# Motor and ESC Help!



## Racer17z (Oct 16, 2012)

Im not sure if this is the right spot for this or not but I have a traxxas son UVA digger truck, I recently purchased the hobby wing 60amp esc and the Tacon 3650 3200kv motor. After a little programming it ran for a short period of time in the living room and quit running. I bought a programming card thinking i had programmed something incorrectly. The esc beeps quickly when I pull the throttle and the truck will shake for a few seconds. I am using the traxxas 7cell nimh battery.
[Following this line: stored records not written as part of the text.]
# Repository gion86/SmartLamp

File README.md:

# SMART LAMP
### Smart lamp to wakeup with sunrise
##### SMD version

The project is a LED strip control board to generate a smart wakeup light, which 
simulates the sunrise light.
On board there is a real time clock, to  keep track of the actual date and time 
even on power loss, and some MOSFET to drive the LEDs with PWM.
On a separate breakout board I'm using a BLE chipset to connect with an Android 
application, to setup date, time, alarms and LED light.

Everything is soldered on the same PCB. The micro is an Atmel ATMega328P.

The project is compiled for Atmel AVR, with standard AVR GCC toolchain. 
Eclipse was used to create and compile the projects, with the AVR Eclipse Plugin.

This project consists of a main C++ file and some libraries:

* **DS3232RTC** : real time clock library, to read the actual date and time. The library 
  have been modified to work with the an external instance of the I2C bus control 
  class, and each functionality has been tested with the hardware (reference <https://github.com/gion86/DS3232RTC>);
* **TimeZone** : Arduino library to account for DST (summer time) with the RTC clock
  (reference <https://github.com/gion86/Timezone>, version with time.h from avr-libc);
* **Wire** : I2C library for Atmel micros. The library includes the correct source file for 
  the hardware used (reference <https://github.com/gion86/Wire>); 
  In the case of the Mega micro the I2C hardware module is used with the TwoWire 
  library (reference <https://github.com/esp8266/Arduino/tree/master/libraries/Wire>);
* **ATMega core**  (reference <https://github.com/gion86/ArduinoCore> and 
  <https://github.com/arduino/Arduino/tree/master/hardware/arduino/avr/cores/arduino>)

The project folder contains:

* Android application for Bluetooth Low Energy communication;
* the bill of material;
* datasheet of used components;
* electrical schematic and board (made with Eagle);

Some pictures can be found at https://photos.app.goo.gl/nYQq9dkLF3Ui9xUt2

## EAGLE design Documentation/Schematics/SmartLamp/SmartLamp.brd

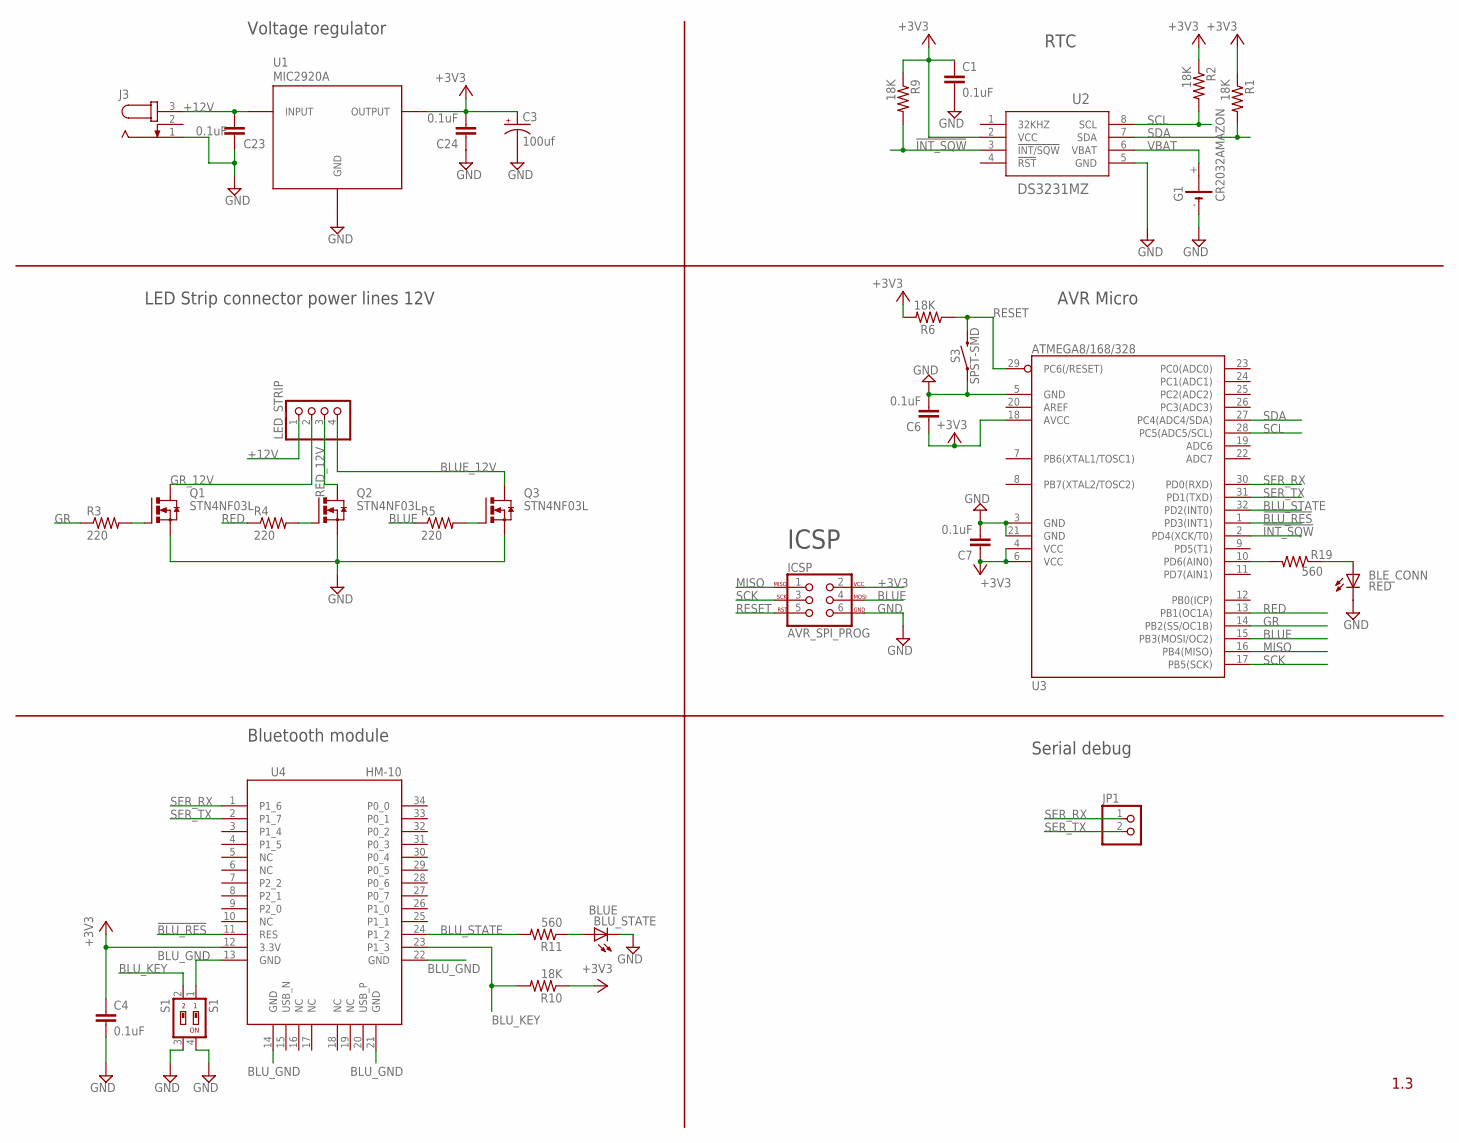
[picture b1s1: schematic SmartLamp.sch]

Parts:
BLE_CONN: RED; CHIPLED_1206
BLU_STATE: BLUE; CHIPLED_1206
C1, C4, C6, C7, C23, C24: 0.1uF; C1206
C3: 100uf; PANASONIC_C
G1: CR2032AMAZON; CR2032_AMAZON
ICSP: AVR_SPI_PROG; 2X3
J3: JACK-PLUG0; SPC4077
JP1: PINHD-1X2; 1X02
LED_STRIP: PINHD-1X4; 1X04
Q1, Q2, Q3: STN4NF03L; SOT223
R1, R2, R6, R9, R10: 18K; R1206
R3, R4, R5: 220; R1206
R11, R19: 560; R1206
S1: S1; SMS-002
S3: SPST-SMD; TACTILE_SWITCH_SMD_6.0X3.5MM
U1: MIC2920A; SOT-223
U2: DS3231MZ; 21-0041B_8
U3: ATMEGA8/168/328; TQFP32
U4: HM-10

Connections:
!BLU_RES: U3.1 (PD3(INT1)), U4.11 (RES)
!INT_SQW: R9.2, U2.3 (!INT/SQW), U3.2 (PD4(XCK/T0))
+3V3: C1.1, C3.+, C4.1, C6.1, C7.1, C24.2, ICSP.2, R1.1, R2.1, R6.2, R9.1, R10.1, U1.3 (OUTPUT), U2.2 (VCC), U3.4 (VCC), U3.6 (VCC), U3.18 (AVCC), U4.12 (3.3V)
+12V: C23.2, J3.3, LED_STRIP.1, U1.1 (INPUT)
BLUE: ICSP.4, R5.1, U3.15 (PB3(MOSI/OC2))
BLUE_12V: LED_STRIP.4, Q3.2 (D), Q3.4 (D)
BLU_GND: S1.1, U4.13 (GND), U4.14 (GND), U4.21 (GND), U4.22 (GND)
BLU_KEY: R10.2, S1.2, U4.23 (P1_3)
BLU_STATE: R11.2, U3.32 (PD2(INT0)), U4.24 (P1_2)
GND: BLE_CONN.C, BLU_STATE.C, C1.2, C3.-, C4.2, C6.2, C7.2, C23.1, C24.1, G1.-, ICSP.6, J3.1, Q1.3 (S), Q2.3 (S), Q3.3 (S), S1.3, S1.4, S3.1, U1.2 (GND), U1.TAB (GND), U2.5 (GND), U3.3 (GND), U3.5 (GND), U3.21 (GND)
GR: R3.1, U3.14 (PB2(SS/OC1B))
GR_12V: LED_STRIP.2, Q1.2 (D), Q1.4 (D)
MISO: ICSP.1, U3.16 (PB4(MISO))
unnamed: BLU_STATE.A, R11.1
unnamed: Q1.1 (G), R3.2
unnamed: Q2.1 (G), R4.2
unnamed: Q3.1 (G), R5.2
unnamed: R19.2, U3.10 (PD6(AIN0))
unnamed: BLE_CONN.A, R19.1
RED: R4.1, U3.13 (PB1(OC1A))
RED_12V: LED_STRIP.3, Q2.2 (D), Q2.4 (D)
RESET: ICSP.5, R6.1, S3.2, U3.29 (PC6(/RESET))
SCK: ICSP.3, U3.17 (PB5(SCK))
SCL: R2.2, U2.8 (SCL), U3.28 (PC5(ADC5/SCL))
SDA: R1.2, U2.7 (SDA), U3.27 (PC4(ADC4/SDA))
SER_RX: JP1.1, U3.30 (PD0(RXD)), U4.1 (P1_6)
SER_TX: JP1.2, U3.31 (PD1(TXD)), U4.2 (P1_7)
VBAT: G1.+, U2.6 (VBAT)

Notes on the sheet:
RTC
Voltage regulator
LED Strip connector power lines 12V
AVR Micro
ICSP
Bluetooth module
Serial debug

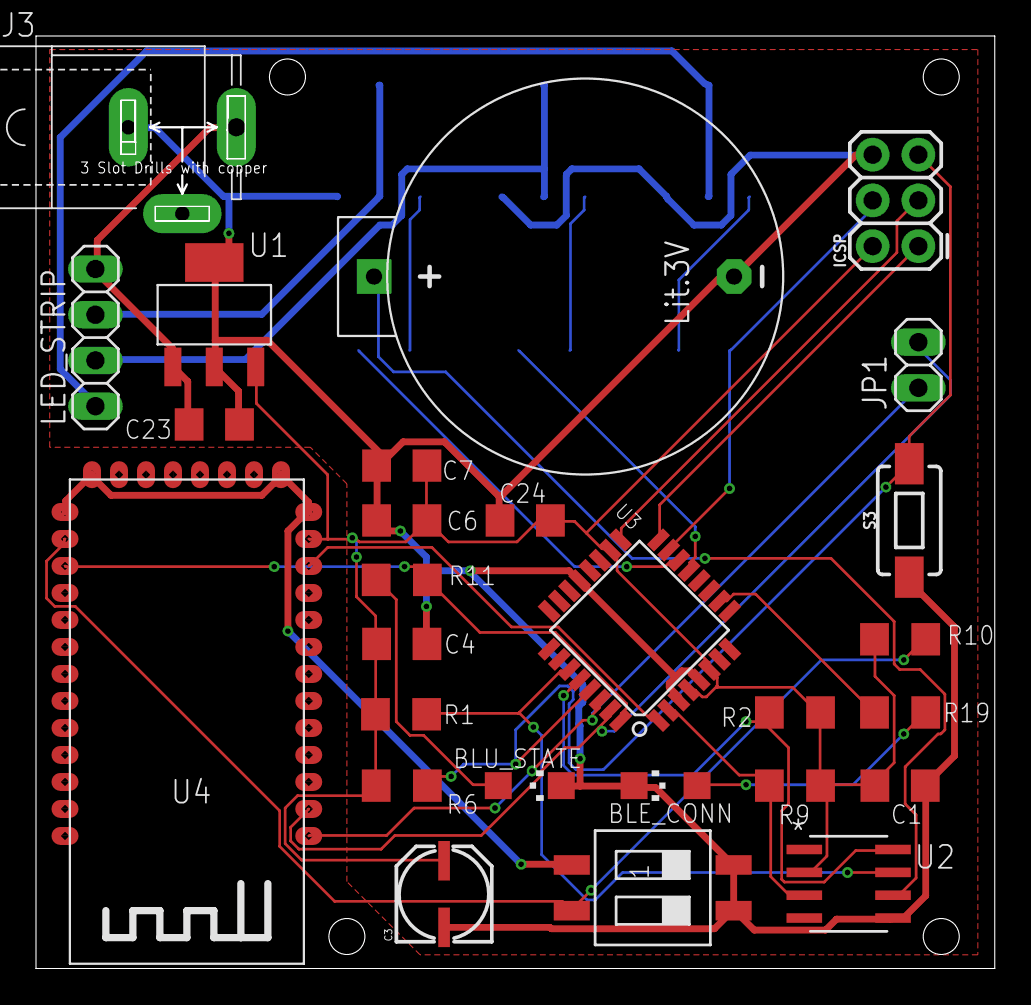
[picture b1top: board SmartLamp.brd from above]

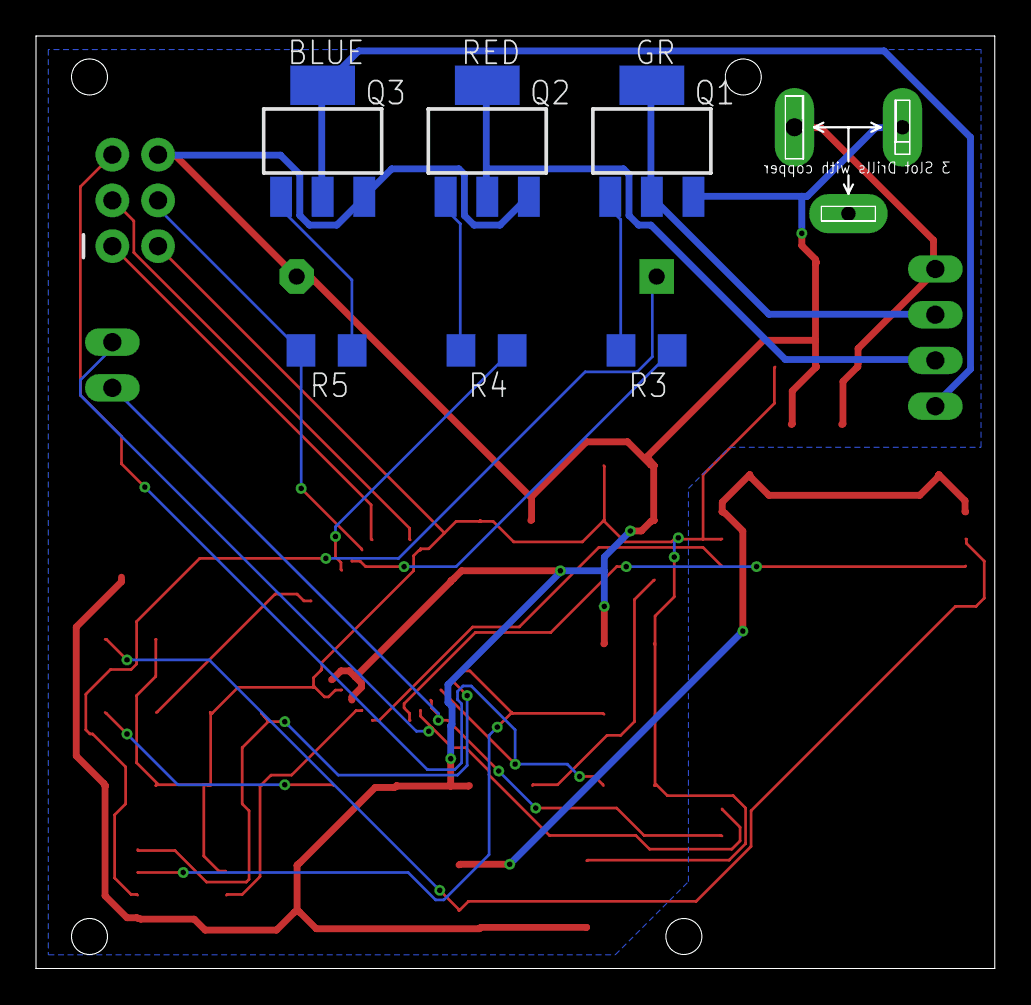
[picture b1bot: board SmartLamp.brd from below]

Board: 2 copper layers, 53.1 x 51.7 mm, 33 parts (6 on the bottom side), 28 nets.

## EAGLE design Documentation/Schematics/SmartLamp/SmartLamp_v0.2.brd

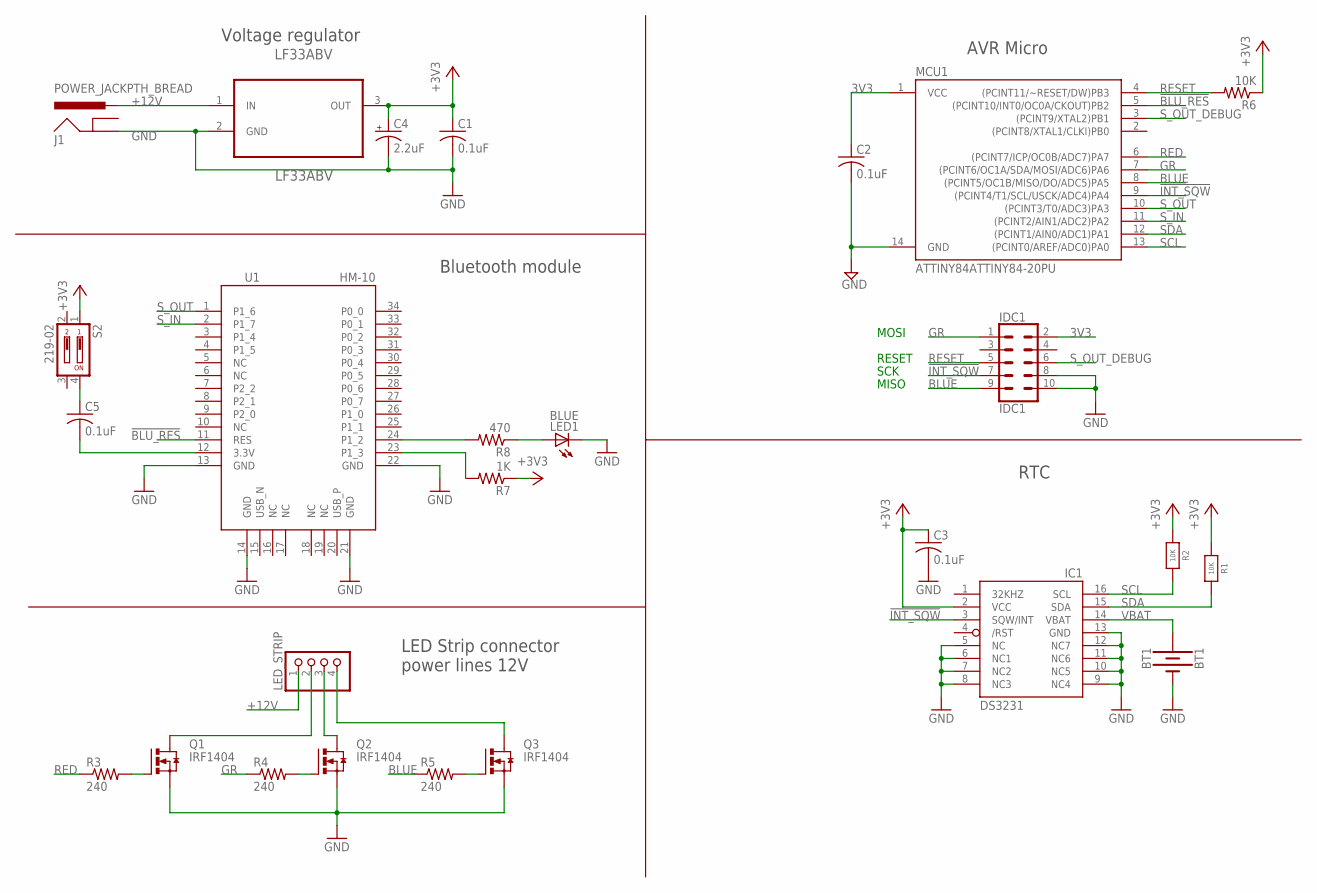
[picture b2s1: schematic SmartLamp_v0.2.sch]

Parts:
BT1: BT1; BATTCON_20MM_4LEGS
C1, C2, C3, C5: 0.1uF; C025-024X044
C4: 2.2uF; CPOL-RADIAL-10UF-25V
IC1: DS3231/SO; SO16W
IDC1: IDC1; 2X5-SHROUDED
J1: POWER_JACKPTH_BREAD; POWER_JACK_PTH_BREAD
LED1: BLUE; LED3MM
LED_STRIP: PINHD-1X4; 1X04
LF33ABV: LF33ABV; TO254P450X1020X1935-3P
MCU1: ATTINY84ATTINY84-20PU; DIL14
Q1, Q2, Q3: IRF1404; TO220BH
R1, R2: 10K; 0805-NO
R3, R4, R5: 240; 0207/10
R6: 10K; 0207/10
R7: 1K; 0207/10
R8: 470; 0207/10
S2: 219-02; CTS-219-02
U1: HM-10

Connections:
3V3: C2.1, IDC1.2, MCU1.1 (VCC)
!BLU_RES: MCU1.5 ((PCINT10/INT0/OC0A/CKOUT)PB2), U1.11 (RES)
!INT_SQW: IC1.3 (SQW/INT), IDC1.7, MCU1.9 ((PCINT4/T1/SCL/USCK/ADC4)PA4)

Please help!


----------



## race71 (Oct 20, 2010)

A hole lot may make it do that, having the esc set to lipo and not nimh is one. sensor wire needed or not, if sensor wire is used is it good or bad. if no sensor wire does the esc need one, are the abc wires on the right abc spots is there a jump piece of solder connecting 2 of the 3 wires. cold joints list goes on

Just a lot of things to check and make sure its right


----------



## Racer17z (Oct 16, 2012)

There is no sensor wire for this motor, it could be the battery setting making it act up or the motor to esc connections. I will go through the items listed and see if i can fix it or at least narrow it down. Thanks for the info.


----------



## nutz4rc (Oct 14, 2003)

Race 71 has some good suggestions. Also check and see if the ESC is rated for 7 cell NIMH, that is 8.4 volts; maybe it can't handle the load.


----------